Don’t wait for inspiration, create it. The “small joys” technique is based on the principle of behavioral activation: the brain starts producing dopamine when you act, not when you wait. Plan one pleasant moment a day — a walk, hot chocolate, a conversation with a loved one. These are simple but effective mood-stabilizing mechanisms.

Body care

Physical activity increases the level of endorphins – natural antidepressants. Even 15-20 minutes of brisk walking during daylight hours reduces symptoms of fatigue. In addition, physical contact – hugs, massage, touch – activates oxytocin, which helps the nervous system “breathe out.”

It is helpful to maintain a sleep schedule. Regularly falling asleep and waking up at the same time stabilizes melatonin levels, which directly affects mood.

Emotional hygiene

Relationships don't require talking about problems, but rather a space where you can be heard. Psychologists call this “active listening”: listening without judgment or advice. Even 15 minutes of such communication reduces anxiety levels in both partners.
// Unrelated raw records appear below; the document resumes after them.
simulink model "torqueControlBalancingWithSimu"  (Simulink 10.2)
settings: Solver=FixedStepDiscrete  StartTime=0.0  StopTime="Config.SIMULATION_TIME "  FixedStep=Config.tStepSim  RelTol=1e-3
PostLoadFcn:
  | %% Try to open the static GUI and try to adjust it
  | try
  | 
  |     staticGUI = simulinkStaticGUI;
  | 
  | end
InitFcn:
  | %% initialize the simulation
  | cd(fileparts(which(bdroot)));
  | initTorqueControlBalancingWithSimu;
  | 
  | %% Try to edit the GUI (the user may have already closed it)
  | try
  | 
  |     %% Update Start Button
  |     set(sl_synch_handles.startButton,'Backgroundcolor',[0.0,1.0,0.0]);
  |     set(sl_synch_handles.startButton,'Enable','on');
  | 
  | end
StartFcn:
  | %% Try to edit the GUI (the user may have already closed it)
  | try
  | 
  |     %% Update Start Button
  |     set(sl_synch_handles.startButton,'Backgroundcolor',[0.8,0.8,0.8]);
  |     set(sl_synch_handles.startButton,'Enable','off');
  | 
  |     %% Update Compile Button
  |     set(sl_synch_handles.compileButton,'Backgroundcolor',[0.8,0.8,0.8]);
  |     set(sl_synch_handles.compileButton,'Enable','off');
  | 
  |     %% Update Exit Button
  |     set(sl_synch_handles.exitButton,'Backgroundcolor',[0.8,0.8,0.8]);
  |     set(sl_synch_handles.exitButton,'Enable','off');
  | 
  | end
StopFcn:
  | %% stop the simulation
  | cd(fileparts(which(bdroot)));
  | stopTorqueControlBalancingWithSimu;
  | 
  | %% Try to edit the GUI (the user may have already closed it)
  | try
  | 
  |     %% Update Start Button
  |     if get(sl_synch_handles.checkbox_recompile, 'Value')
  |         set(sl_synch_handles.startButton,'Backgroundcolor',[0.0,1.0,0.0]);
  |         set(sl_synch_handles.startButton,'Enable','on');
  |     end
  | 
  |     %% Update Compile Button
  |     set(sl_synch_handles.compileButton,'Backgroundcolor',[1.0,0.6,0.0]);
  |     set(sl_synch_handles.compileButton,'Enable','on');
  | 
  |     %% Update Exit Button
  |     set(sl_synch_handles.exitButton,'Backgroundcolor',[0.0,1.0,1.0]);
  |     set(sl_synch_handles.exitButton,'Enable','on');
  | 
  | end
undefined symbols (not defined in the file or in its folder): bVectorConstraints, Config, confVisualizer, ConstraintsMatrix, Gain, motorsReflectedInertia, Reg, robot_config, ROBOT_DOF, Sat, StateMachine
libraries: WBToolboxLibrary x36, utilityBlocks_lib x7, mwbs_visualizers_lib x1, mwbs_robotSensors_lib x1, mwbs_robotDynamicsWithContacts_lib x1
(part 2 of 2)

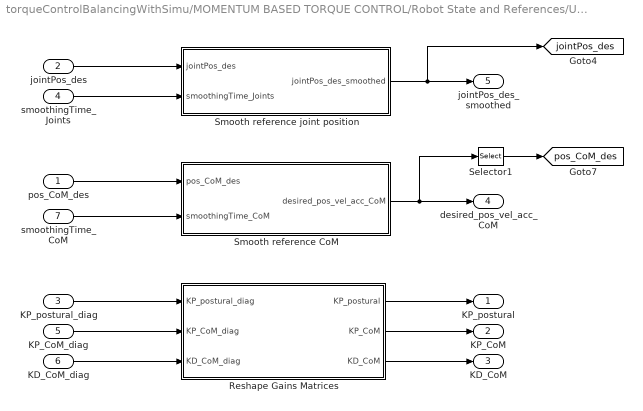
== system torqueControlBalancingWithSimu/MOMENTUM BASED TORQUE CONTROL/Robot State and References/Update Gains and References ==
  pos_CoM_des : Inport
  jointPos_des : Inport  Port=2
  KP_postural_diag : Inport  Port=3
  smoothingTime_Joints : Inport  Port=4
  KP_CoM_diag : Inport  Port=5
  KD_CoM_diag : Inport  Port=6
  smoothingTime_CoM : Inport  Port=7
  Reshape Gains Matrices : Subsystem
  Selector1 : Selector  NumberOfDimensions=2  InputPortWidth=3  IndexOptions=Index vector (dialog),Index vector (dialog)  Indices=[1 2 3],[1]  OutputSizes=1,1
  Smooth reference CoM : Subsystem
  Smooth reference joint position : Subsystem
  KP_postural : Outport  VectorParamsAs1DForOutWhenUnconnected=off
  KP_CoM : Outport  Port=2  VectorParamsAs1DForOutWhenUnconnected=off
  KD_CoM : Outport  Port=3  VectorParamsAs1DForOutWhenUnconnected=off
  desired_pos_vel_acc_CoM : Outport  Port=4  VectorParamsAs1DForOutWhenUnconnected=off
  jointPos_des_smoothed : Outport  Port=5  VectorParamsAs1DForOutWhenUnconnected=off
  tag scope: jointPos_des=global, pos_CoM_des=global
  wires:
  Smooth reference joint position/1(jointPos_des_smoothed) -> [jointPos_des], jointPos_des_smoothed/1
  jointPos_des/1 -> Smooth reference joint position/1(jointPos_des)
  smoothingTime_Joints/1 -> Smooth reference joint position/2(smoothingTime_Joints)
  pos_CoM_des/1 -> Smooth reference CoM/1(pos_CoM_des)
  smoothingTime_CoM/1 -> Smooth reference CoM/2(smoothingTime_CoM)
  Smooth reference CoM/1(desired_pos_vel_acc_CoM) -> Selector1/1, desired_pos_vel_acc_CoM/1
  KP_postural_diag/1 -> Reshape Gains Matrices/1(KP_postural_diag)
  KP_CoM_diag/1 -> Reshape Gains Matrices/2(KP_CoM_diag)
  KD_CoM_diag/1 -> Reshape Gains Matrices/3(KD_CoM_diag)
  Reshape Gains Matrices/1(KP_postural) -> KP_postural/1
  Reshape Gains Matrices/2(KP_CoM) -> KP_CoM/1
  Reshape Gains Matrices/3(KD_CoM) -> KD_CoM/1
  Selector1/1 -> [pos_CoM_des]

== system torqueControlBalancingWithSimu/MOMENTUM BASED TORQUE CONTROL/emergency stop: joint limits/STOP IF JOINTS HIT THE LIMITS ==
  jointPos : Inport
  Enable : EnablePort
  Assertion : Assertion
  GetLimits : WBToolboxLibrary/States/GetLimits  limitsSource=ControlBoard  limitsType=Position
      settings: SourceProductName=WholeBodyToolbox
  MATLAB Function : MATLAB Function  TreatAsAtomicUnit=on
  To Workspace : ToWorkspace  VariableName=res_check_range  SaveFormat=Structure With Time  SampleTime=Config.tStep
  Unit Delay : UnitDelay  InitialCondition=1  SampleTime=Config.tStep  HasFrameUpgradeWarning=on
  index1 : Constant  Value=0.01  VectorParams1D=off
  wires:
  jointPos/1 -> MATLAB Function/3(u)
  MATLAB Function/1(inRange) -> Unit Delay/1
  index1/1 -> MATLAB Function/4(tol)
  MATLAB Function/2(res_check_range) -> To Workspace/1
  Unit Delay/1 -> Assertion/1
  GetLimits/1 -> MATLAB Function/1(umin)
  GetLimits/2 -> MATLAB Function/2(umax)

== system torqueControlBalancingWithSimu/MOMENTUM BASED TORQUE CONTROL/emergency stop: joint limits/STOP IF THERE ARE SPIKES IN THE ENCODERS ==
  jointPos : Inport
  Enable : EnablePort
  Assertion : Assertion
  MATLAB Function : MATLAB Function  TreatAsAtomicUnit=on
  To Workspace : ToWorkspace  VariableName=res_check_spikes  SaveFormat=Structure With Time  SampleTime=Config.tStep
  Unit Delay : UnitDelay  InitialCondition=1  SampleTime=Config.tStep  HasFrameUpgradeWarning=on
  index1 : Constant  Value=Sat.maxJointsPositionDelta  VectorParams1D=off
  wires:
  jointPos/1 -> MATLAB Function/1(u)
  MATLAB Function/1(noSpikes) -> Unit Delay/1
  index1/1 -> MATLAB Function/2(delta_u_max)
  MATLAB Function/2(res_check_spikes) -> To Workspace/1
  Unit Delay/1 -> Assertion/1

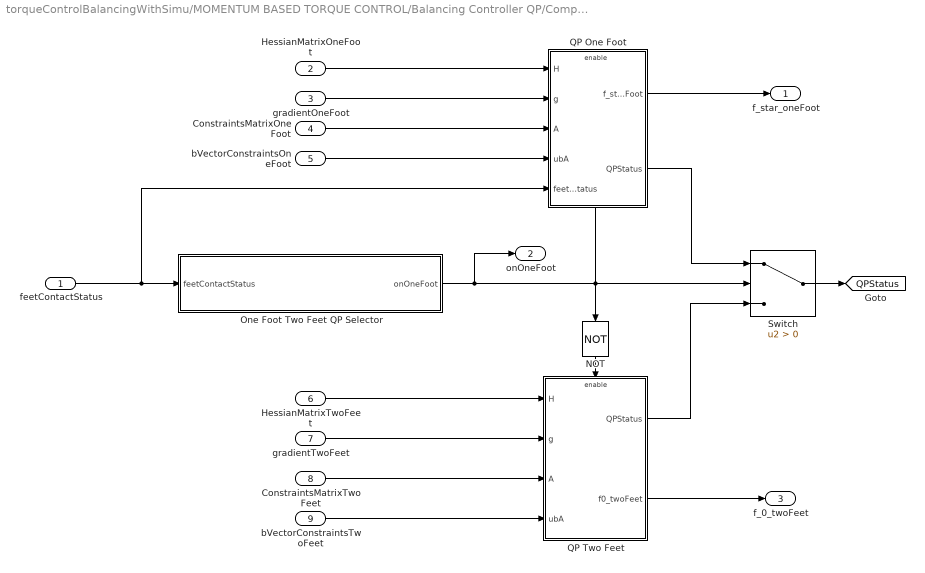
== system torqueControlBalancingWithSimu/MOMENTUM BASED TORQUE CONTROL/Balancing Controller QP/Compute Desired Torques/QPSolver ==
  feetContactStatus : Inport
  HessianMatrixOneFoot : Inport  Port=2
  gradientOneFoot : Inport  Port=3
  ConstraintsMatrixOneFoot : Inport  Port=4
  bVectorConstraintsOneFoot : Inport  Port=5
  HessianMatrixTwoFeet : Inport  Port=6
  gradientTwoFeet : Inport  Port=7
  ConstraintsMatrixTwoFeet : Inport  Port=8
  bVectorConstraintsTwoFeet : Inport  Port=9
  NOT : Logic  Operator=NOT  IconShape=distinctive  AllPortsSameDT=off  OutDataTypeStr=boolean
  One Foot Two Feet QP Selector : MATLAB Function  TreatAsAtomicUnit=on
  QP One Foot : Subsystem  TreatAsAtomicUnit=on
  QP Two Feet : Subsystem  TreatAsAtomicUnit=on
  Switch : Switch  Criteria=u2 > Threshold
  f_star_oneFoot : Outport  VectorParamsAs1DForOutWhenUnconnected=off
  onOneFoot : Outport  Port=2  VectorParamsAs1DForOutWhenUnconnected=off
  f_0_twoFeet : Outport  Port=3  VectorParamsAs1DForOutWhenUnconnected=off
  tag scope: QPStatus=global
  wires:
  feetContactStatus/1 -> QP One Foot/5(feetContactStatus), One Foot Two Feet QP Selector/1(feetContactStatus)
  HessianMatrixOneFoot/1 -> QP One Foot/1(H)
  bVectorConstraintsTwoFeet/1 -> QP Two Feet/4(ubA)
  gradientOneFoot/1 -> QP One Foot/2(g)
  ConstraintsMatrixOneFoot/1 -> QP One Foot/3(A)
  gradientTwoFeet/1 -> QP Two Feet/2(g)
  ConstraintsMatrixTwoFeet/1 -> QP Two Feet/3(A)
  bVectorConstraintsOneFoot/1 -> QP One Foot/4(ubA)
  HessianMatrixTwoFeet/1 -> QP Two Feet/1(H)
  QP One Foot/2(QPStatus) -> Switch/1
  QP Two Feet/1(QPStatus) -> Switch/3
  QP Two Feet/2(f0_twoFeet) -> f_0_twoFeet/1
  NOT/1 -> QP Two Feet/Enable
  One Foot Two Feet QP Selector/1(onOneFoot) -> onOneFoot/1, NOT/1, Switch/2, QP One Foot/Enable
  QP One Foot/1(f_star_oneFoot) -> f_star_oneFoot/1
  Switch/1 -> [QPStatus]

== system torqueControlBalancingWithSimu/MOMENTUM BASED TORQUE CONTROL/Balancing Controller QP/Compute angular momentum integral error/Compute base to fixed link transform ==
  jointPos : Inport
  Constant7 : Constant  Value=eye(4)
  "inv  " : Product  Inputs=/  Multiplication=Matrix(*)
  inv  1 : Product  Inputs=/  Multiplication=Matrix(*)
  l_sole to root_link relative transform : WBToolboxLibrary/Model/Kinematics/ForwardKinematics  frameName=Frames.LEFT_FOOT
      settings: SourceProductName=WholeBodyToolbox
  r_sole to root_link relative transform : WBToolboxLibrary/Model/Kinematics/ForwardKinematics  frameName=Frames.RIGHT_FOOT
      settings: SourceProductName=WholeBodyToolbox
  fixed_l_sole_H_b : Outport  VectorParamsAs1DForOutWhenUnconnected=off
  fixed_r_sole_H_b : Outport  Port=2  VectorParamsAs1DForOutWhenUnconnected=off
  wires:
  Constant7/1 -> l_sole to root_link relative transform/1, r_sole to root_link relative transform/1
  inv  1/1 -> fixed_r_sole_H_b/1
  "inv  "/1 -> fixed_l_sole_H_b/1
  jointPos/1 -> r_sole to root_link relative transform/2, l_sole to root_link relative transform/2
  l_sole to root_link relative transform/1 -> "inv  "/1
  r_sole to root_link relative transform/1 -> inv  1/1

== system torqueControlBalancingWithSimu/MOMENTUM BASED TORQUE CONTROL/Dump and visualize/Desired and Measured Forces/Demux Forces nd Moments ==
  wrench_leftFoot : Inport
  wrench_rightFoot : Inport  Port=2
  f_star : Inport  Port=3
  Demux{1,5..7} (4 alike) : Demux  Outputs=[3;3]
  Demux2 : Demux  Outputs=[6;6]
  measured forces l_sole : Outport  VectorParamsAs1DForOutWhenUnconnected=off
  des forces l_sole : Outport  Port=2  VectorParamsAs1DForOutWhenUnconnected=off
  measured forces r_sole : Outport  Port=3  VectorParamsAs1DForOutWhenUnconnected=off
  des forces r_sole : Outport  Port=4  VectorParamsAs1DForOutWhenUnconnected=off
  measured moments l_sole : Outport  Port=5  VectorParamsAs1DForOutWhenUnconnected=off
  des moments l_sole : Outport  Port=6  VectorParamsAs1DForOutWhenUnconnected=off
  measured moments r_sole : Outport  Port=7  VectorParamsAs1DForOutWhenUnconnected=off
  des moments r_sole : Outport  Port=8  VectorParamsAs1DForOutWhenUnconnected=off
  wires:
  Demux6/2 -> des moments r_sole/1
  Demux5/2 -> des moments l_sole/1
  Demux1/1 -> measured forces l_sole/1
  Demux7/1 -> measured forces r_sole/1
  Demux7/2 -> measured moments r_sole/1
  wrench_leftFoot/1 -> Demux1/1
  Demux2/1 -> Demux5/1
  wrench_rightFoot/1 -> Demux7/1
  Demux6/1 -> des forces r_sole/1
  Demux1/2 -> measured moments l_sole/1
  f_star/1 -> Demux2/1
  Demux2/2 -> Demux6/1
  Demux5/1 -> des forces l_sole/1

== system torqueControlBalancingWithSimu/MOMENTUM BASED TORQUE CONTROL/Dynamics and Kinematics/Dynamics/Add motors reflected inertia ==
  M : Inport
  Add motor reflected inertias : MATLAB Function  TreatAsAtomicUnit=on
  Constant : Constant  Value=Config.USE_MOTOR_REFLECTED_INERTIA
  Switch : Switch  Criteria=u2 > Threshold
  M_with_motor_inertia : Outport  VectorParamsAs1DForOutWhenUnconnected=off
  wires:
  M/1 -> Switch/3, Add motor reflected inertias/1(M)
  Constant/1 -> Switch/2
  Add motor reflected inertias/1(M_with_inertia) -> Switch/1
  Switch/1 -> M_with_motor_inertia/1

== system torqueControlBalancingWithSimu/MOMENTUM BASED TORQUE CONTROL/Robot State and References/Compute State Velocity/Feet Jacobians ==
  jointPos : Inport
  w_H_b : Inport  Port=2
  Jacobian l_sole : WBToolboxLibrary/Model/Jacobians/Jacobian  frameName=Frames.LEFT_FOOT
      settings: SourceProductName=WholeBodyToolbox
  Jacobian r_sole : WBToolboxLibrary/Model/Jacobians/Jacobian  frameName=Frames.RIGHT_FOOT
      settings: SourceProductName=WholeBodyToolbox
  J_l_sole : Outport  VectorParamsAs1DForOutWhenUnconnected=off
  J_r_sole : Outport  Port=2  VectorParamsAs1DForOutWhenUnconnected=off
  wires:
  Jacobian l_sole/1 -> J_l_sole/1
  Jacobian r_sole/1 -> J_r_sole/1
  w_H_b/1 -> Jacobian r_sole/1, Jacobian l_sole/1
  jointPos/1 -> Jacobian l_sole/2, Jacobian r_sole/2

== system torqueControlBalancingWithSimu/MOMENTUM BASED TORQUE CONTROL/Robot State and References/Compute base to fixed link transform/LFoot to base link transform  ==
  neck_pos : Inport
  jointPos : Inport  Port=2
  inertial : Inport  Port=3
  w_H_link : Inport  Port=4
  w_H_base_fixed : Inport  Port=5
  Fixe d base to root link transform : WBToolboxLibrary/Model/Kinematics/ForwardKinematics  frameName=Frames.BASE
      settings: SourceProductName=WholeBodyToolbox
  Fixed base to imu transform : WBToolboxLibrary/Model/Kinematics/ForwardKinematics  frameName=Frames.IMU
      settings: SourceProductName=WholeBodyToolbox
  Get Base Rotation From IMU : MATLAB Function  TreatAsAtomicUnit=on
  Inv : Product  Inputs=/*  Multiplication=Matrix(*)
  Inv_2 : Product  Inputs=/*  Multiplication=Matrix(*)
  Selector1 : Selector  InputPortWidth=Ports.IMU_PORT_SIZE  IndexOptions=Index vector (dialog)  Indices=Ports.IMU_PORT_ORIENTATION_INDEX  OutputSizes=1
  Selector2 : Selector  InputPortWidth=Ports.IMU_PORT_SIZE  IndexOptions=Index vector (dialog)  Indices=Ports.IMU_PORT_ORIENTATION_INDEX  OutputSizes=1
  Switch6 : Switch  Criteria=u2 > Threshold
  USE_IMU4EST_BASE : Constant  Value=Config.USE_IMU4EST_BASE
  holder 1 : utilityBlocks_lib/Holder  SystemSampleTime=Config.tStep  VariantActivationTime=update diagram  Latency=0  AutoFrameSizeCalculation=off
      settings: SourceProductName=WholeBodyControllers
  holder 2 : utilityBlocks_lib/Holder  SystemSampleTime=Config.tStep  VariantActivationTime=update diagram  Latency=0  AutoFrameSizeCalculation=off
      settings: SourceProductName=WholeBodyControllers
  neck transform : Subsystem
  link_H_b : Outport  VectorParamsAs1DForOutWhenUnconnected=off
  wires:
  Switch6/1 -> link_H_b/1
  Inv_2/1 -> Switch6/3, Get Base Rotation From IMU/3(fixedLink_H_base)  "link_H_root"
  USE_IMU4EST_BASE/1 -> Switch6/2
  Inv/1 -> holder 1/1, Get Base Rotation From IMU/1(imu_H_fixedLink)  "imu_H_link"
  holder 2/1 -> Selector2/1
  Fixed base to imu transform/1 -> Inv/1
  jointPos/1 -> Fixed base to imu transform/2, Fixe d base to root link transform/2
  Get Base Rotation From IMU/1(w_H_b) -> Switch6/1
  Fixe d base to root link transform/1 -> Inv_2/2
  inertial/1 -> Selector1/1, holder 2/1
  neck_pos/1 -> neck transform/1(neck port)
  w_H_link/1 -> Inv_2/1, Inv/2
  w_H_base_fixed/1 -> Fixe d base to root link transform/1, Fixed base to imu transform/1
  Selector2/1 -> Get Base Rotation From IMU/4(rpyFromIMU_0)
  holder 1/1 -> Get Base Rotation From IMU/2(imu_H_fixedLink_0)
  Selector1/1 -> Get Base Rotation From IMU/5(rpyFromIMU)
  neck transform/1(neck position) -> Get Base Rotation From IMU/6(neck_pos)

== system torqueControlBalancingWithSimu/MOMENTUM BASED TORQUE CONTROL/Robot State and References/Compute base to fixed link transform/RFoot to base link transform ==
  neck_pos : Inport
  jointPos : Inport  Port=2
  inertial : Inport  Port=3
  w_H_link : Inport  Port=4
  w_H_base_fixed : Inport  Port=5
  Fixed base to imu transform : WBToolboxLibrary/Model/Kinematics/ForwardKinematics  frameName=Frames.IMU
      settings: SourceProductName=WholeBodyToolbox
  Fixed base to root link transform : WBToolboxLibrary/Model/Kinematics/ForwardKinematics  frameName=Frames.BASE
      settings: SourceProductName=WholeBodyToolbox
  Get Base Rotation From IMU : MATLAB Function  TreatAsAtomicUnit=on
  Inv : Product  Inputs=/*  Multiplication=Matrix(*)
  Inv_2 : Product  Inputs=/*  Multiplication=Matrix(*)
  Selector1 : Selector  InputPortWidth=Ports.IMU_PORT_SIZE  IndexOptions=Index vector (dialog)  Indices=Ports.IMU_PORT_ORIENTATION_INDEX  OutputSizes=1
  Selector2 : Selector  InputPortWidth=Ports.IMU_PORT_SIZE  IndexOptions=Index vector (dialog)  Indices=Ports.IMU_PORT_ORIENTATION_INDEX  OutputSizes=1
  Switch6 : Switch  Criteria=u2 > Threshold
  USE_IMU4EST_BASE : Constant  Value=Config.USE_IMU4EST_BASE
  holder 3 : utilityBlocks_lib/Holder  SystemSampleTime=Config.tStep  VariantActivationTime=update diagram  Latency=0  AutoFrameSizeCalculation=off
      settings: SourceProductName=WholeBodyControllers
  holder 4 : utilityBlocks_lib/Holder  SystemSampleTime=Config.tStep  VariantActivationTime=update diagram  Latency=0  AutoFrameSizeCalculation=off
      settings: SourceProductName=WholeBodyControllers
  neck transform : Subsystem
  link_H_b : Outport  VectorParamsAs1DForOutWhenUnconnected=off
  wires:
  Switch6/1 -> link_H_b/1
  Inv_2/1 -> Switch6/3, Get Base Rotation From IMU/3(fixedLink_H_base)  "link_H_root"
  USE_IMU4EST_BASE/1 -> Switch6/2
  Inv/1 -> holder 3/1, Get Base Rotation From IMU/1(imu_H_fixedLink)  "imu_H_link"
  holder 4/1 -> Selector2/1
  Fixed base to imu transform/1 -> Inv/1
  jointPos/1 -> Fixed base to imu transform/2, Fixed base to root link transform/2
  Get Base Rotation From IMU/1(w_H_b) -> Switch6/1
  Fixed base to root link transform/1 -> Inv_2/2
  inertial/1 -> holder 4/1, Selector1/1
  neck_pos/1 -> neck transform/1(neck port)
  neck transform/1(neck position) -> Get Base Rotation From IMU/6(neck_pos)
  w_H_link/1 -> Inv_2/1, Inv/2
  w_H_base_fixed/1 -> Fixed base to root link transform/1, Fixed base to imu transform/1
  Selector2/1 -> Get Base Rotation From IMU/4(rpyFromIMU_0)
  holder 3/1 -> Get Base Rotation From IMU/2(imu_H_fixedLink_0)
  Selector1/1 -> Get Base Rotation From IMU/5(rpyFromIMU)

== system torqueControlBalancingWithSimu/MOMENTUM BASED TORQUE CONTROL/Robot State and References/State Machine/xCom ==
  w_H_b : Inport
  jointPos : Inport  Port=2
  CoM : WBToolboxLibrary/Model/Kinematics/ForwardKinematics  frameName=Frames.COM
      settings: SourceProductName=WholeBodyToolbox
  "CoM6D ->  CoMXYZ2" : Selector  NumberOfDimensions=2  InputPortWidth=7  IndexOptions=Index vector (dialog),Index vector (dialog)  Indices=[1 2 3],[4]  OutputSizes=1,1
  "pos_CoM_fixed_l_sole " : Outport  VectorParamsAs1DForOutWhenUnconnected=off
  wires:
  jointPos/1 -> CoM/2
  "CoM6D ->  CoMXYZ2"/1 -> "pos_CoM_fixed_l_sole "/1
  CoM/1 -> "CoM6D ->  CoMXYZ2"/1
  w_H_b/1 -> CoM/1

== system torqueControlBalancingWithSimu/MOMENTUM BASED TORQUE CONTROL/Robot State and References/State Machine/xCom2 ==
  w_H_b : Inport
  jointPos : Inport  Port=2
  CoM : WBToolboxLibrary/Model/Kinematics/ForwardKinematics  frameName=Frames.COM
      settings: SourceProductName=WholeBodyToolbox
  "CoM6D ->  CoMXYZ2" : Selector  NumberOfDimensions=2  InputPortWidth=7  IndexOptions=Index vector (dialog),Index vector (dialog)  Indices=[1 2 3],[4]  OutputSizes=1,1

If you feel that the conversation is reaching a dead end, it is better to postpone it rather than exhausting each other. In a state of exhaustion, people say not what they think, but what hurts.

Autumn is a time of slowing down. You don’t have to beat it, you have to fit into it. When you stop demanding that you “be in shape,” energy returns naturally. Light, movement, small joys, and warm contacts are simple but scientifically proven ways to stabilize yourself.